Rather than spread set -eo pipefail boilerplate across every step, the project enforces hygiene via tests/bash_lint_tests.rs, which compiles a set of fixtures and runs shellcheck against every literal bash: body in the generated YAML. The lint catches:

  • SC2164cd $X without || exit (the canonical silent-failure)
  • SC2155local var=$(cmd) masking the inner exit code
  • SC2086 / SC2046 — unquoted variables / command substitutions
  • SC2154 — variables referenced but never assigned
  • SC2088 — tilde inside double quotes (does not expand at all)
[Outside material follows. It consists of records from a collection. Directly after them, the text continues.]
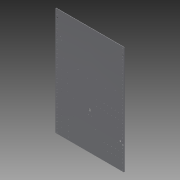
# Autodesk Inventor part: Electronics plate
Saved by Autodesk Inventor 2015 (Build 190159000, 159)
## iProperties
Created: 2015-01-17
Part Number: Electronics plate
Material: Generic
Document SubType Name: Modeling
Designer: chapale16
Density: 1 g/cm^3
Appearance: Default
Author: chapale16
Autodesk Inventor part; units mm, degrees
ref_plane "YZ Plane" through (0, 0, 0) normal (1, 0, 0) x (0, 1, 0)
ref_plane "XZ Plane" through (0, 0, 0) normal (0, 1, 0) x (-1, 0, 0)
sketch "Sketch2" plane through (0, 0, 0) normal (0, 0, 1) x (1, 0, 0)
  line L0 (0, 0) -> (566.42, 0)
  line L1 (566.42, 0) -> (566.42, -1727.2)
  line L2 (566.42, -1727.2) -> (0, -1727.2)
  line L3 (0, -1727.2) -> (0, 0)
  dimension "d0" = 566.42
  dimension "d1" = 1727.2
  constraints: 8 end point, 2 parallel, 1 horizontal, 1 perpendicular
  measures "d0" distance of L1.end L2.end
  measures "d1" distance of L0.end L1.end
extrude "Extrusion1" add sketch "Sketch2" along normal blind 3.175
sketch "Sketch4" plane through (0, 0, 3.175) normal (0, 0, 1) x (1, 0, 0)
  line L0 (566.42, 0) -> (0, 0) projected
  line L1 (0, 0) -> (0, -1727.2) projected
  line L2 (0, -1727.2) -> (566.42, -1727.2) projected
  line L3 (566.42, -1727.2) -> (566.42, 0) projected
  line L4 (0, -1727.2) -> (566.42, -1727.2) projected
  line L5 (68.58, -1727.2) -> (500.38, -1727.2)
  circle A0 centre (68.58, -1391.92) radius 12.7
  circle A1 centre (500.38, -1391.92) radius 12.7
  circle A2 centre (68.58, -1727.2) radius 12.7
  circle A3 centre (500.38, -1727.2) radius 12.7
  dimension "d6" = 25.4
  dimension "d7" = 25.4
  dimension "d8" = 25.4
  dimension "d9" = 25.4
  constraints: 4 centre point, 2 coincident, 2 end point, 1 horizontal, 1 point on line
  measures "d6" diameter of A0
  measures "d7" diameter of A1
  measures "d8" diameter of A2
  measures "d9" diameter of A3
extrude "Extrusion2" add sketch "Sketch4" along normal blind 3.175 contours A0 | A1
sketch "Sketch6" plane through (0, 0, 3.175) normal (0, 0, 1) x (1, 0, 0)
  circle A0 centre (12.7, -1460.5) radius 3.175 projected
  circle A1 centre (553.72, -1460.5) radius 3.175 projected
  circle A2 centre (553.72, -1460.5) radius 4.7625
  circle A3 centre (12.7, -1460.5) radius 4.7625
  point P0 (0, 0)
  dimension "d16" = 9.525
  dimension "d17" = 9.525
  constraints: 2 centre point, 2 coincident
  measures "d16" diameter of A2
  measures "d17" diameter of A3
extrude "Extrusion4" cut sketch "Sketch6" against normal through all contours A0 | A1 | A2 | A3
sketch "Sketch7" plane through (0, 0, 3.175) normal (0, 0, 1) x (1, 0, 0)
  circle A0 centre (12.7, -1460.5) radius 4.7625 projected
  circle A1 centre (12.7, -1460.5) radius 6.35
  circle A2 centre (553.72, -1460.5) radius 4.7625 projected
  circle A3 centre (553.72, -1460.5) radius 6.35
  point P0 (0, 0)
  dimension "d20" = 12.7
  dimension "d21" = 12.7
  constraints: 2 centre point, 2 coincident
  measures "d20" diameter of A1
  measures "d21" diameter of A3
extrude "Extrusion5" cut sketch "Sketch7" against normal blind 12.7 contours A3
sketch "Sketch9" plane through (0, 0, 3.175) normal (0, 0, 1) x (1, 0, 0)
  circle A0 centre (553.72, -825.5) radius 6.35 projected
  circle A1 centre (12.7, -825.5) radius 6.35 projected
  circle A2 centre (12.7, -825.5) radius 6.35
  circle A3 centre (553.72, -825.5) radius 6.35
  point P0 (0, 0)
  constraints: 2 centre point, 2 coincident, 2 concentric
extrude "Extrusion7" cut sketch "Sketch9" against normal blind 3.175
sketch "Sketch10" plane through (0, 0, 3.175) normal (0, 0, 1) x (1, 0, 0)
  line L0 (566.42, 0) -> (566.42, -1727.2) projected
  line L1 (0, -1732.8892) -> (566.42, -1732.8892)
  line L2 (566.42, -1732.8892) -> (566.42, -1054.0894)
  line L3 (566.42, -1054.0894) -> (0, -1054.0894)
  line L4 (0, -1054.0894) -> (0, -1732.8892)
  point P0 (0, 0)
  constraints: 8 end point, 2 parallel, 1 horizontal, 1 perpendicular, 1 point on line
extrude "Extrusion8" cut sketch "Sketch10" along normal blind 25.4
sketch "Sketch13" plane through (0, 0, 3.175) normal (0, 0, 1) x (1, 0, 0)
  line L0 (566.42, -1727.2) -> (566.42, 0) projected
  line L1 (0, 0) -> (566.42, 0)
  line L2 (566.42, 0) -> (566.42, -762)
  line L3 (566.42, -762) -> (0, -762)
  line L4 (0, -762) -> (0, 0)
  dimension "d204" = 762
  constraints: 8 end point, 2 parallel, 1 horizontal, 1 perpendicular, 1 point on line
  measures "d204" distance of L3.end L1.start
extrude "Extrusion10" cut sketch "Sketch13" against normal blind 25.4
hole "Hole1" at (12.7, -1714.5, 3.175) direction (0, 0, -1) diameter 6.35 end through all
pattern_linear "Rectangular Pattern1" count 38 spacing 25.4 along (0, 1, 0) of "Hole1"
hole "Hole2" at (553.72, -1714.5, 3.175) direction (0, 0, -1) diameter 6.35 end through all
pattern_linear "Rectangular Pattern2" count 38 spacing 25.4 along (0, 1, 0) of "Hole2"
ref_plane "Work Plane1" through (283.21, -1727.2, 0) normal (-1, 0, 0) x (0, 0, 1)
sketch "Sketch22" plane through (0, 0, 3.175) normal (0, 0, 1) x (1, 0, 0)
  line L0 (566.42, -1727.2) -> (0, -1727.2) projected
  line L1 (330.2, -1727.2) -> (330.2, -1460.5)
  line L2 (0, -1727.2) -> (0, -762) projected
  circle A0 centre (330.2, -1460.5) radius 2.7781
  line L3 (330.2, -1460.5) -> (512.4704, -1460.5)
  circle A1 centre (512.4704, -1460.5) radius 2.7781
  line L4 (330.2, -1460.5) -> (330.2, -1356.106)
  circle A2 centre (330.2, -1356.106) radius 2.7781
  line L5 (330.2, -1356.106) -> (512.4704, -1356.106)
  circle A3 centre (512.4704, -1356.106) radius 2.7781
  point P0 (0, 0)
  dimension "d145" = 266.7
  dimension "d146" = 330.2
  dimension "d147" = 5.5563
  dimension "d148" = 182.2704
  dimension "d149" = 5.5563
  dimension "d150" = 104.394
  dimension "d151" = 5.5563
  dimension "d152" = 5.5563
  constraints: 8 end point, 4 centre point, 4 coincident, 2 horizontal, 2 parallel, 2 point on line
  measures "d145" distance of L1.start L1.end
  measures "d146" distance between parallel lines of L2 L1
  measures "d147" diameter of A0
  measures "d148" distance of L3.start L3.end
  measures "d149" diameter of A1
  measures "d150" distance of L3.start L4.end
  measures "d151" diameter of A2
  measures "d152" diameter of A3
extrude "Extrusion18" cut sketch "Sketch22" against normal through all
sketch "Sketch24" plane through (0, 0, 3.175) normal (0, 0, 1) x (1, 0, 0)
  line L0 (566.42, -1727.2) -> (0, -1727.2) projected
  line L1 (152.4, -1727.2) -> (152.4, -1460.5)
  line L2 (566.42, -1727.2) -> (566.42, -762) projected
  circle A0 centre (152.4, -1460.5) radius 1.1906
  line L3 (152.4, -1460.5) -> (50.8, -1460.5)
  circle A1 centre (50.8, -1460.5) radius 1.1906
  line L4 (101.6, -1460.5) -> (101.6, -1397)
  line L5 (81.7293, -1397) -> (121.4707, -1397)
  circle A2 centre (152.4, -1333.5) radius 1.1906
  circle A3 centre (50.8, -1333.5) radius 1.1906
  point P0 (0, 0)
  dimension "d166" = 266.7
  dimension "d168" = 2.3813
  dimension "d169" = 101.6
  dimension "d170" = 2.3813
  dimension "d171" = 63.5
  dimension "d242" = 152.4
  constraints: 8 end point, 4 centre point, 2 coincident, 2 horizontal, 2 midpoint, 2 symmetric about line, 2 vertical, 1 point on line, 2 other
  measures "d166" distance of L1.start L1.end
  measures "d168" diameter of A0
  measures "d169" distance of L3.start L3.end
  measures "d170" diameter of A1
  measures "d171" distance of L4.start L4.end
  measures "d242" distance of L1.start L0.end
extrude "Extrusion20" cut sketch "Sketch24" against normal through all
sketch "Sketch25" plane through (0, 0, 3.175) normal (0, 0, 1) x (1, 0, 0)
  line L0 (0, -1727.2) -> (566.42, -1727.2) projected
  line L1 (50.8, -1727.2) -> (50.8, -1308.1)
  line L2 (0, -762) -> (0, -1727.2) projected
  circle A0 centre (50.8, -1308.1) radius 1.9844
  line L3 (50.8, -1308.1) -> (99.6442, -1308.1)
  circle A1 centre (99.6442, -1308.1) radius 1.9844
  line L4 (75.2221, -1308.1) -> (75.2221, -1277.5819)
  line L5 (75.2221, -1277.5819) -> (54.2596, -1277.5819)
  circle A2 centre (50.8, -1247.0638) radius 1.9844
  circle A3 centre (99.6442, -1247.0638) radius 1.9844
  point P0 (0, 0)
  dimension "d174" = 419.1
  dimension "d175" = 50.8
  dimension "d176" = 3.9688
  dimension "d177" = 48.8442
  dimension "d178" = 3.9688
  dimension "d179" = 30.5181
  constraints: 8 end point, 4 centre point, 2 coincident, 2 symmetric about line, 2 vertical, 1 horizontal, 1 midpoint, 1 perpendicular, 1 point on line, 2 other
  measures "d174" distance of L1.start L1.end
  measures "d175" distance between parallel lines of L2 L1
  measures "d176" diameter of A0
  measures "d177" distance of L3.start L3.end
  measures "d178" diameter of A1
  measures "d179" distance of L4.start L4.end
extrude "Extrusion21" cut sketch "Sketch25" against normal through all
sketch "Sketch26" plane through (0, 0, 3.175) normal (0, 0, 1) x (1, 0, 0)
  line L0 (566.42, -1727.2) -> (490.22, -1727.2)
  line L1 (566.42, -1727.2) -> (0, -1727.2) projected
  line L2 (490.22, -1727.2) -> (490.22, -1104.9)
  circle A0 centre (490.22, -1104.9) radius 2.5797
  circle A1 centre (337.82, -1104.9) radius 2.5797
  circle A2 centre (185.42, -1104.9) radius 2.5797
  line L3 (490.22, -1104.9) -> (490.22, -1130.3)
  line L4 (490.22, -1130.3) -> (414.02, -1130.3)
  circle A3 centre (414.02, -1130.3) radius 2.5797
  circle A4 centre (261.62, -1130.3) radius 2.5797
  point P0 (0, 0)
  dimension "d182" = 76.2
  dimension "d183" = 622.3
  dimension "d184" = 5.1594
  dimension "d187" = 152.4
  dimension "d192" = 25.4
  dimension "d193" = 76.2
  dimension "d194" = 5.1594
  dimension "d197" = 152.4
  constraints: 8 end point, 5 centre point, 4 coincident, 3 horizontal, 2 point on line, 1 perpendicular, 8 other
  measures "d182" distance of L0.start L0.end
  measures "d183" distance of L0.end L2.end
  measures "d184" diameter of A0
  measures "d187" distance of L2.end point (337.82, -1104.9)
  measures "d192" distance of L3.start L3.end
  measures "d193" distance of L3.end L4.end
  measures "d194" diameter of A3
  measures "d197" distance of A3.centre A4.centre
extrude "Extrusion22" cut sketch "Sketch26" against normal through all
sketch "Sketch29" plane through (0, 0, 3.175) normal (0, 0, 1) x (1, 0, 0)
  line L0 (0, -1727.2) -> (566.42, -1727.2) projected
  line L1 (50.8, -1727.2) -> (50.8, -1625.6)
  line L2 (0, -762) -> (0, -1727.2) projected
  circle A0 centre (50.8, -1625.6) radius 2.5797
  line L3 (50.8, -1625.6) -> (109.5, -1625.6)
  circle A1 centre (109.5, -1625.6) radius 2.5797
  point P0 (0, 0)
  dimension "d233" = 101.6
  dimension "d234" = 90
  dimension "d236" = 50.8
  dimension "d237" = 5.1594
  dimension "d238" = 58.7
  dimension "d239" = 5.1594
  dimension "d293" = 90
  constraints: 4 end point, 2 centre point, 2 coincident, 1 point on line
  measures "d233" distance of L1.start L1.end
  measures "d234" angle of L0 L1
  measures "d236" distance from line of L1.start L2
  measures "d237" diameter of A0
  measures "d238" distance of L3.start L3.end
  measures "d239" diameter of A1
  measures "d293" angle of L1 L3
extrude "Extrusion25" cut sketch "Sketch29" against normal through all
sketch "Sketch30" plane through (0, 0, 3.175) normal (0, 0, 1) x (1, 0, 0)
  line L0 (0, -762) -> (63.5, -762)
  line L1 (63.5, -762) -> (63.5, -1092.2)
  line L2 (63.5, -1092.2) -> (0, -1092.2)
  line L3 (0, -1092.2) -> (0, -762)
  circle A0 centre (63.5, -1092.2) radius 1.5875
  line L4 (63.5, -1092.2) -> (90.5002, -1092.2)
  circle A1 centre (90.5002, -1092.2) radius 1.5875
  point P0 (0, 0)
  dimension "d243" = 63.5
  dimension "d244" = 330.2
  dimension "d245" = 3.175
  dimension "d246" = 27.0002
  dimension "d247" = 3.175
  dimension "d291" = 90
  constraints: 10 end point, 2 centre point, 2 coincident, 2 parallel, 1 horizontal, 1 perpendicular
  measures "d243" distance of L1.end L2.end
  measures "d244" distance of L0.end L1.end
  measures "d245" diameter of A0
  measures "d246" distance of L4.start L4.end
  measures "d247" diameter of A1
  measures "d291" angle of L4 L1
extrude "Extrusion26" cut sketch "Sketch30" against normal through all contours A1 | A0 L4 L1 | L1 L2 A0 | L2 L4 A0
sketch "Sketch31" plane through (0, 0, 3.175) normal (0, 0, 1) x (1, 0, 0)
  line L0 (566.42, -1727.2) -> (566.42, -762) projected
  line L1 (0, -1727.2) -> (566.42, -1727.2)
  line L2 (566.42, -1727.2) -> (566.42, -1651)
  line L3 (566.42, -1651) -> (0, -1651)
  line L4 (0, -1651) -> (0, -1727.2)
  point P0 (0, 0)
  dimension "d259" = 76.2
  constraints: 8 end point, 2 parallel, 1 horizontal, 1 perpendicular, 1 point on line
  measures "d259" distance between parallel lines of L1 L3
extrude "Extrusion27" cut sketch "Sketch31" against normal through all
sketch "Sketch32" plane through (0, 0, 3.175) normal (0, 0, 1) x (1, 0, 0)
  line L0 (0, -1651) -> (0, -762) projected
  line L1 (566.42, -1651) -> (0, -1651) projected
  line L2 (0, -1244.6) -> (520.7, -1244.6)
  line L3 (520.7, -1244.6) -> (520.7, -1651)
  line L4 (520.7, -1651) -> (0, -1651)
  line L5 (0, -1651) -> (0, -1244.6)
  circle A0 centre (520.7, -1244.6) radius 2.5797
  line L6 (520.7, -1244.6) -> (520.7, -1295.4)
  circle A1 centre (520.7, -1295.4) radius 2.5797
  point P0 (0, 0)
  dimension "d262" = 520.7
  dimension "d263" = 406.4
  dimension "d264" = 5.1594
  dimension "d265" = 50.8
  dimension "d266" = 5.1594
  constraints: 10 end point, 3 point on line, 2 centre point, 2 coincident, 2 parallel, 1 horizontal, 1 perpendicular
  measures "d262" distance of L0.start L3.end
  measures "d263" distance between parallel lines of L1 L2
  measures "d264" diameter of A0
  measures "d265" distance of L6.start L6.end
  measures "d266" diameter of A1
extrude "Extrusion28" cut sketch "Sketch32" against normal through all contours A0 L3 L2 | L2 L3 A0 | A1 L3 | L3 A1
sketch "Sketch37" plane through (0, 0, 3.175) normal (0, 0, 1) x (1, 0, 0)
  line L0 (0, -1651) -> (0, -762) projected
  line L1 (566.42, -1651) -> (0, -1651) projected
  line L2 (50.8, -1651) -> (50.8, -965.2)
  line L3 (50.8, -965.2) -> (0, -965.2)
  circle A0 centre (50.8, -965.2) radius 2.7781
  line L4 (50.8, -965.2) -> (50.8, -941.705)
  line L5 (50.8, -941.705) -> (42.799, -941.705)
  line L6 (42.799, -941.705) -> (42.799, -965.2)
  line L7 (42.799, -965.2) -> (50.8, -965.2)
  circle A1 centre (42.799, -941.705) radius 2.7781
  point P0 (0, 0)
  dimension "d283" = 50.8
  dimension "d284" = 685.8
  dimension "d285" = 5.5563
  dimension "d286" = 23.495
  dimension "d287" = 8.001
  dimension "d288" = 5.5563
  dimension "d292" = 180
  constraints: 12 end point, 2 centre point, 2 coincident, 2 parallel, 2 perpendicular, 2 point on line, 1 vertical
  measures "d283" distance of L2.end L3.end
  measures "d284" distance of L2.start L2.end
  measures "d285" diameter of A0
  measures "d286" distance of L4.start L4.end
  measures "d287" distance of L4.end L5.end
  measures "d288" diameter of A1
  measures "d292" angle of L2 L4
extrude "Extrusion32" cut sketch "Sketch37" against normal through all contours A0 L3 L2 | L2 L4 A0 | A0 L4 L3 | A1 L5 L6 | L6 L5 A1
pattern_linear "Rectangular Pattern9" count 7 spacing 30.48 along (-1, 0, 0) count 2 spacing 273.05 along (0, -1, 0) of "Extrusion28"
sketch "Sketch38" plane through (0, 0, 3.175) normal (0, 0, 1) x (1, 0, 0)
  line L0 (322.6238, -1480.7724) -> (377.7515, -1480.7724)
  line L1 (377.7515, -1480.7724) -> (377.7515, -1593.1826)
  line L2 (377.7515, -1593.1826) -> (322.6238, -1593.1826)
  line L3 (322.6238, -1593.1826) -> (322.6238, -1480.7724)
  point P0 (0, 0)
  constraints: 8 end point, 2 parallel, 1 horizontal, 1 perpendicular
extrude "Extrusion33" add sketch "Sketch38" against normal blind 3.175
sketch "Sketch39" plane through (0, 0, 3.175) normal (0, 0, 1) x (1, 0, 0)
  line L0 (0, -1651) -> (566.42, -1651) projected
  line L1 (50.8, -1651) -> (50.8, -1219.2)
  line L2 (0, -762) -> (0, -1651) projected
  circle A0 centre (50.8, -1219.2) radius 1.9844
  line L3 (50.8, -1219.2) -> (98.552, -1219.2)
  line L4 (98.552, -1219.2) -> (98.552, -1176.147)
  line L5 (98.552, -1176.147) -> (50.8, -1176.147)
  line L6 (50.8, -1176.147) -> (50.8, -1219.2)
  circle A1 centre (98.552, -1176.147) radius 1.9844
  circle A2 centre (50.8, -1176.147) radius 1.9844
  circle A3 centre (98.552, -1219.2) radius 1.9844
  point P0 (0, 0)
  dimension "d305" = 50.8
  dimension "d306" = 431.8
  dimension "d307" = 3.9688
  dimension "d308" = 47.752
  dimension "d309" = 43.053
  dimension "d310" = 3.9688
  dimension "d311" = 3.9688
  dimension "d312" = 3.9688
  constraints: 10 end point, 4 centre point, 4 coincident, 2 parallel, 1 horizontal, 1 perpendicular, 1 point on line, 1 vertical
  measures "d305" distance between parallel lines of L2 L1
  measures "d306" distance of L1.start L1.end
  measures "d307" diameter of A0
  measures "d308" distance of L3.start L3.end
  measures "d309" distance of L3.end L4.end
  measures "d310" diameter of A1
  measures "d311" diameter of A2
  measures "d312" diameter of A3
extrude "Extrusion34" cut sketch "Sketch39" against normal blind 3.175 contours A0 L6 L1 | L1 L3 A0 | L6 A0 L3 | A2 L5 L6 | L6 L5 A2 | A3 L4 L3 | L3 L4 A3 | A1 L4 L5 | L5 L4 A1
sketch "Sketch41" plane through (0, 0, 3.175) normal (0, 0, 1) x (1, 0, 0)
  line L0 (0, -1651) -> (283.21, -1651)
  line L1 (283.21, -1651) -> (283.21, -1346.2)
  line L2 (283.21, -1346.2) -> (0, -1346.2)
  line L3 (0, -1346.2) -> (0, -1651)
  circle A0 centre (283.21, -1346.2) radius 11.1125
  point P0 (0, 0)
  dimension "d325" = 22.225
  dimension "d328" = 283.21
  dimension "d329" = 304.8
  constraints: 8 end point, 2 parallel, 1 centre point, 1 coincident, 1 horizontal, 1 perpendicular
  measures "d325" diameter of A0
  measures "d328" distance of L0.start L0.end
  measures "d329" distance of L2.end L0.start
extrude "Extrusion36" cut sketch "Sketch41" against normal blind 25.4 contours A0 L2 L1 | L1 L2 A0
sketch "Sketch42" plane through (0, 0, 3.175) normal (0, 0, 1) x (1, 0, 0)
  line L0 (566.42, -1651) -> (532.003, -1651)
  line L1 (532.003, -1651) -> (532.003, -1443.99)
  line L2 (532.003, -1443.99) -> (566.42, -1443.99)
  line L3 (566.42, -1443.99) -> (566.42, -1651)
  circle A0 centre (532.003, -1443.99) radius 7.62
  point P0 (0, 0)
  dimension "d330" = 15.24
  dimension "d333" = 207.01
  constraints: 8 end point, 2 parallel, 1 centre point, 1 coincident, 1 horizontal, 1 perpendicular
  measures "d330" diameter of A0
  measures "d333" distance of L2.end L0.start
extrude "Extrusion37" cut sketch "Sketch42" against normal through all contours A0 L2 L1 | L1 L2 A0
pattern_linear "Rectangular Pattern12" count 4 spacing 41.783 along (0, 1, 0) of "Extrusion25"
sketch "Sketch43" plane through (0, 0, 3.175) normal (0, 0, 1) x (1, 0, 0)
  circle A0 centre (283.21, -1346.2) radius 11.1125 projected
  line L0 (283.21, -1346.2) -> (283.21, -1384.3)
  line L1 (283.21, -1384.3) -> (273.685, -1384.3)
  line L2 (273.685, -1384.3) -> (292.735, -1384.3)
  circle A1 centre (273.685, -1384.3) radius 3.175
  circle A2 centre (292.735, -1384.3) radius 3.175
  point P0 (0, 0)
  dimension "d337" = 38.1
  dimension "d338" = 9.525
  dimension "d339" = 19.05
  dimension "d340" = 6.35
  dimension "d341" = 6.35
  constraints: 6 end point, 2 centre point, 2 coincident, 1 perpendicular, 1 point on line, 1 vertical
  measures "d337" distance of L0.start L0.end
  measures "d338" distance of L0.end L1.end
  measures "d339" distance of L1.end L2.end
  measures "d340" diameter of A1
  measures "d341" diameter of A2
extrude "Extrusion38" cut sketch "Sketch43" against normal through all contours A2 | A1
fillet "Fillet1" radius 6.35 4 edges at (566.42, -762, 1.5875) (0, -762, 1.5875) (0, -1651, 1.5875) (566.42, -1651, 1.5875)
equation "\"d22\" = d20"
body "Solid1"

When you add or modify a bash step:

  1. Run cargo test --test bash_lint_tests (locally requires shellcheck on PATH; install with brew install shellcheck or apt-get install -y shellcheck). CI sets ENFORCE_BASH_LINT=1 so a missing shellcheck becomes a hard failure rather than a silent skip.
  2. Fix any finding by adjusting the bash. Common fixes: cd "$X" || exit 1, exit "$CODE", "$HOME/.foo" instead of "~/.foo", quoting variable expansions.
  3. If a finding is genuinely intentional, add a # shellcheck disable=SCxxxx comment immediately above the line in the bash body. Such directives are bash comments and have no runtime effect.

Do not sprinkle set -eo pipefail into every step to silence the lint — that approach was tried (PR #492) and was rejected because it adds noise, drifts as new steps are added, and doesn't address the actual silent-failure patterns that the lint surfaces. Use targeted set -eo pipefail only when a step has a real fail-fast requirement that the lint cannot express (the current uses are on AWF/MCPG download and the tee-piped agent run).

The exclude list (SC1090, SC1091, SC2034, SC2016) is documented in tests/bash_lint_tests.rs. Each entry has a justification — do not extend without one.